# [Work to be completed]
Reproduce word for word the lines of the listing from the first one through the one with "revolve(axis=Axis((10.4516070104, 0, 0), (1, 0, 0)))", omitting every picture.

# [Data excerpts]

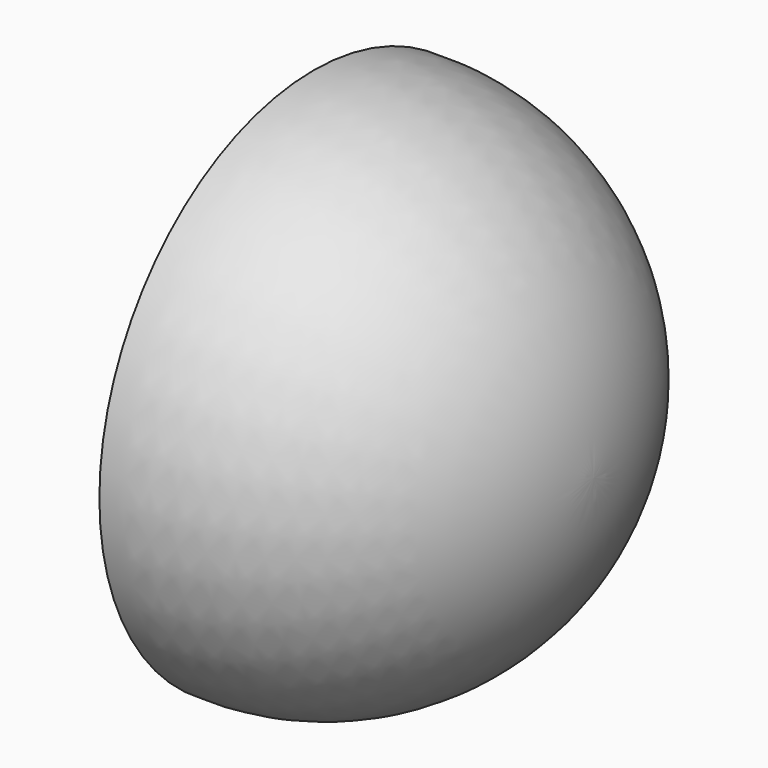
from build123d import *

# Parameters (mm, degrees)
F7_DEPTH  = 2.5
F13_DEPTH = 2
F49_DEPTH = 2


# Not quite as in the source:
# - ends of sketch curves that miss each other by under 0.0002 mm in the source are joined
# - the program builds the solid bodies; features that only make, move or delete a surface that nothing else refers to are left out


with BuildPart() as f1:
    # F0 (on Front) → F1 (revolve)
    with BuildSketch(Plane.XZ):
        with BuildLine():
            Line((0, 20), (0, 0))
            Line((0, 0), (20.9032140208, 0))
            ThreePointArc((20.9032140208, 0), (14.7145025663, 14.4554109076), (0, 20))
        make_face()
    revolve(axis=Axis((10.4516070104, 0, 0), (1, 0, 0)))

    # F2 (on Right) → F3 (revolve)
    with BuildSketch(Plane.YZ):
        with BuildLine():
            Line((-3, 0), (0, 0))
            Line((0, 0), (0, 3))
            ThreePointArc((0, 3), (-2.1378188048, 2.1378188048), (-3, 0))
        make_face()
    revolve(axis=Axis((0, -1.5, 0), (0, -1, 0)))

    # F4 (on face) → F5 (revolve)
    with BuildSketch(Plane(origin=(0, 0, 0), x_dir=(0, -1, 0), z_dir=(-1, 0, 0))):
        with BuildLine():
            Line((-3, 0), (0, 0))
            Line((0, 0), (0, 3))
            ThreePointArc((0, 3), (-2.1060516761, 2.1060516761), (-3, 0))
        make_face()
    revolve(axis=Axis((0, 1.5, 0), (0, 1, 0)))

    # F20 (on face) → F21 (revolve)
    with BuildSketch(Plane(origin=(0, 0, 0), x_dir=(0, -1, 0), z_dir=(-1, 0, 0))):
        with BuildLine():
            ThreePointArc((-7.6594431885, -3.8764923811), (-8.2749807984, -4.5285373926), (-7.6594431885, -5.1805824041))
            Line((-7.6594431885, -5.1805824041), (-7.6594431885, -3.8764923811))
        make_face()
    revolve(axis=Axis((0, 7.6594431885, -4.5285373926), (0, 0, 1)))

    # F22 (on face) → F23 (revolve)
    with BuildSketch(Plane(origin=(0, 0, 0), x_dir=(0, -1, 0), z_dir=(-1, 0, 0))):
        with BuildLine():
            ThreePointArc((12.7418441698, 5.2346289158), (12.1728994386, 4.6591833234), (12.7418441698, 4.083737731))
            Line((12.7418441698, 4.083737731), (12.7418441698, 5.2346289158))
        make_face()
    revolve(axis=Axis((0, -12.7418441698, 4.6591833234), (0, 0, 1)))

    # F24 (on face) → F25 (revolve)
    with BuildSketch(Plane(origin=(0, 0, 0), x_dir=(0, -1, 0), z_dir=(-1, 0, 0))):
        with BuildLine():
            ThreePointArc((-5.9676826932, -12.5175017115), (-6.7753176022, -13.3251366206), (-5.9676826932, -14.1327715296))
            Line((-5.9676826932, -14.1327715296), (-5.9676826932, -12.5175017115))
        make_face()
    revolve(axis=Axis((0, 5.9676826932, -13.3251366206), (0, 0, 1)))

    # F26 (on face) → F27 (revolve)
    with BuildSketch(Plane(origin=(0, 0, 0), x_dir=(0, -1, 0), z_dir=(-1, 0, 0))):
        with BuildLine():
            ThreePointArc((-2.6682941243, 17.2478277236), (-3.8004852056, 17.2364370857), (-3.7481172476, 16.1054003984))
            Line((-3.7481172476, 16.1054003984), (-2.6682941243, 17.2478277236))
        make_face()
    revolve(axis=Axis((0, 3.208205686, 16.676614061), (0, -0.6869139736, 0.7267387377)))

    # F30 (on face) → F31 (revolve)
    with BuildSketch(Plane(origin=(0, 0, 0), x_dir=(0, -1, 0), z_dir=(-1, 0, 0))):
        with BuildLine():
            ThreePointArc((2.065625973, 2.9552876949), (1.8622744828, 3.1655695777), (1.6589229926, 2.9552876949))
            Line((1.6589229926, 2.9552876949), (2.065625973, 2.9552876949))
        make_face()
    revolve(axis=Axis((0, -1.8622744828, 2.9552876949), (0, -1, 0)))

    # F32 (on face) → F33 (revolve)
    with BuildSketch(Plane(origin=(0, 0, 0), x_dir=(0, -1, 0), z_dir=(-1, 0, 0))):
        with BuildLine():
            ThreePointArc((4.7333193943, 2.0018331707), (4.6435543336, 2.0690382814), (4.5537892729, 2.0018331707))
            Line((4.5537892729, 2.0018331707), (4.7333193943, 2.0018331707))
        make_face()
    revolve(axis=Axis((0, -4.6435543336, 2.0018331707), (0, -1, 0)))

    # F34 (on face) → F35 (revolve)
    with BuildSketch(Plane(origin=(0, 0, 0), x_dir=(0, -1, 0), z_dir=(-1, 0, 0))):
        with BuildLine():
            Line((4.7080395743, -0.380108133), (4.4907717966, -0.380108133))
            ThreePointArc((4.4907717966, -0.380108133), (4.5994056854, -0.4801378843), (4.7080395743, -0.380108133))
        make_face()
    revolve(axis=Axis((0, -4.5994056854, -0.380108133), (0, -1, 0)))

    # F36 (on face) → F37 (revolve)
    with BuildSketch(Plane(origin=(0, 0, 0), x_dir=(0, -1, 0), z_dir=(-1, 0, 0))):
        with BuildLine():
            ThreePointArc((2.4876960088, -3.15255858), (2.3429562571, -2.9939137255), (2.1982165053, -3.15255858))
            Line((2.1982165053, -3.15255858), (2.4876960088, -3.15255858))
        make_face()
    revolve(axis=Axis((0, -2.3429562571, -3.15255858), (0, -1, 0)))

    # F38 (on face) → F39 (revolve)
    with BuildSketch(Plane(origin=(0, 0, 0), x_dir=(0, -1, 0), z_dir=(-1, 0, 0))):
        with BuildLine():
            ThreePointArc((3.7825170439, 0.9611435235), (3.6940083373, 1.0506368525), (3.6054996308, 0.9611435235))
            Line((3.6054996308, 0.9611435235), (3.7825170439, 0.9611435235))
        make_face()
    revolve(axis=Axis((0, -3.6940083373, 0.9611435235), (0, -1, 0)))

    # F40 (on face) → F41 (revolve)
    with BuildSketch(Plane(origin=(0, 0, 0), x_dir=(0, -1, 0), z_dir=(-1, 0, 0))):
        with BuildLine():
            ThreePointArc((0.5645051133, 3.9112772793), (0.4595427308, 4.0212758064), (0.3545803484, 3.9112772793))
            Line((0.3545803484, 3.9112772793), (0.5645051133, 3.9112772793))
        make_face()
    revolve(axis=Axis((0, -0.4595427308, 3.9112772793), (0, -1, 0)))

    # F42 (on face) → F43 (revolve)
    with BuildSketch(Plane(origin=(0, 0, 0), x_dir=(0, -1, 0), z_dir=(-1, 0, 0))):
        with BuildLine():
            ThreePointArc((5.4294881411, 0.7984926924), (5.4440247442, 1.0004788431), (5.2415728569, 1.005269587))
            Line((5.2415728569, 1.005269587), (5.4294881411, 0.7984926924))
        make_face()
    revolve(axis=Axis((0, -5.335530499, 0.9018811397), (0, -0.6725479403, -0.7400535575)))

    # F44 (on face) → F45 (revolve)
    with BuildSketch(Plane(origin=(0, 0, 0), x_dir=(0, -1, 0), z_dir=(-1, 0, 0))):
        with BuildLine():
            ThreePointArc((4.5250565745, -1.9389539957), (4.3312804717, -1.9511606938), (4.3379967101, -2.1452046931))
            Line((4.3379967101, -2.1452046931), (4.5250565745, -1.9389539957))
        make_face()
    revolve(axis=Axis((0, -4.4315266423, -2.0420793444), (0, -0.6718056347, 0.740727473)))

    # F46 (on face) → F47 (revolve)
    with BuildSketch(Plane(origin=(0, 0, 0), x_dir=(0, -1, 0), z_dir=(-1, 0, 0))):
        with BuildLine():
            Line((3.5201823339, -1.579977572), (3.3489386551, -1.579977572))
            ThreePointArc((3.3489386551, -1.579977572), (3.4345604945, -1.668621835), (3.5201823339, -1.579977572))
        make_face()
    revolve(axis=Axis((0, -3.4345604945, -1.579977572), (0, -1, 0)))


with BuildPart() as f7:
    # F6 (on face) → F7 (new body)
    with BuildSketch(Plane(origin=(0, 0, 0), x_dir=(0, -1, 0), z_dir=(-1, 0, 0))):
        with BuildLine():
            add(Edge.make_bspline(
                [(13.0212418735, -3.58440727), (10.7913677509, -1.6396786361), (6.5594301058, -8.7429022088), (2.3274924606, -15.8461257815), (8.7893042283, -10.6876308427), (15.2511159961, -5.5291359038), (13.0212418735, -3.58440727)],
                knots=[0, 0, 0, 2.0943951024, 2.0943951024, 4.1887902048, 4.1887902048, 6.2831853072, 6.2831853072, 6.2831853072], degree=2, weights=[1, 0.5, 1, 0.5, 1, 0.5, 1]))
        make_face()
    extrude(amount=F7_DEPTH)


with BuildPart() as f13:
    # F12 (on face) → F13 (new body)
    with BuildSketch(Plane(origin=(0, 0, 0), x_dir=(0, -1, 0), z_dir=(-1, 0, 0))):
        with BuildLine():
            add(Edge.make_bspline(
                [(10.9271379188, 7.5598936528), (12.4094731309, 10.030454188), (5.7548497871, 12.3432447088), (-0.8997735567, 14.6560352296), (4.2725145749, 9.8726841736), (9.4448027066, 5.0893331176), (10.9271379188, 7.5598936528)],
                knots=[0, 0, 0, 2.0943951024, 2.0943951024, 4.1887902048, 4.1887902048, 6.2831853072, 6.2831853072, 6.2831853072], degree=2, weights=[1, 0.5, 1, 0.5, 1, 0.5, 1]))
        make_face()
    extrude(amount=F13_DEPTH)


with BuildPart() as f29:
    # F28 (on face) → F29 (revolve)
    with BuildSketch(Plane(origin=(0, 0, 0), x_dir=(0, -1, 0), z_dir=(-1, 0, 0))):
        with BuildLine():
            ThreePointArc((3.4040999599, 3.4889467061), (3.2618925907, 3.612536586), (3.1196852215, 3.4889467061))
            Line((3.1196852215, 3.4889467061), (3.4040999599, 3.4889467061))
        make_face()
    revolve(axis=Axis((0, -3.2618925907, 3.4889467061), (0, -1, 0)))


with BuildPart() as f49:
    # F48 (on face) → F49 (new body)
    with BuildSketch(Plane(origin=(0, 0, 0), x_dir=(0, -1, 0), z_dir=(-1, 0, 0))):
        with BuildLine():
            add(Edge.make_bspline(
                [(-12.8653030843, -4.054680001), (-15.7865357239, -4.054680001), (-14.3259194041, -9.1504866723), (-12.8653030843, -14.2462933436), (-11.4046867644, -9.1504866723), (-9.9440704446, -4.054680001), (-12.8653030843, -4.054680001)],
                knots=[0, 0, 0, 2.0943951024, 2.0943951024, 4.1887902048, 4.1887902048, 6.2831853072, 6.2831853072, 6.2831853072], degree=2, weights=[1, 0.5, 1, 0.5, 1, 0.5, 1]))
        make_face()
    extrude(amount=F49_DEPTH)


solid = Compound([f1.part, f7.part, f13.part, f29.part, f49.part])

# [Written answer]
from build123d import *

# Parameters (mm, degrees)
F7_DEPTH  = 2.5
F13_DEPTH = 2
F49_DEPTH = 2


# Not quite as in the source:
# - ends of sketch curves that miss each other by under 0.0002 mm in the source are joined
# - the program builds the solid bodies; features that only make, move or delete a surface that nothing else refers to are left out


with BuildPart() as f1:
    # F0 (on Front) → F1 (revolve)
    with BuildSketch(Plane.XZ):
        with BuildLine():
            Line((0, 20), (0, 0))
            Line((0, 0), (20.9032140208, 0))
            ThreePointArc((20.9032140208, 0), (14.7145025663, 14.4554109076), (0, 20))
        make_face()
    revolve(axis=Axis((10.4516070104, 0, 0), (1, 0, 0)))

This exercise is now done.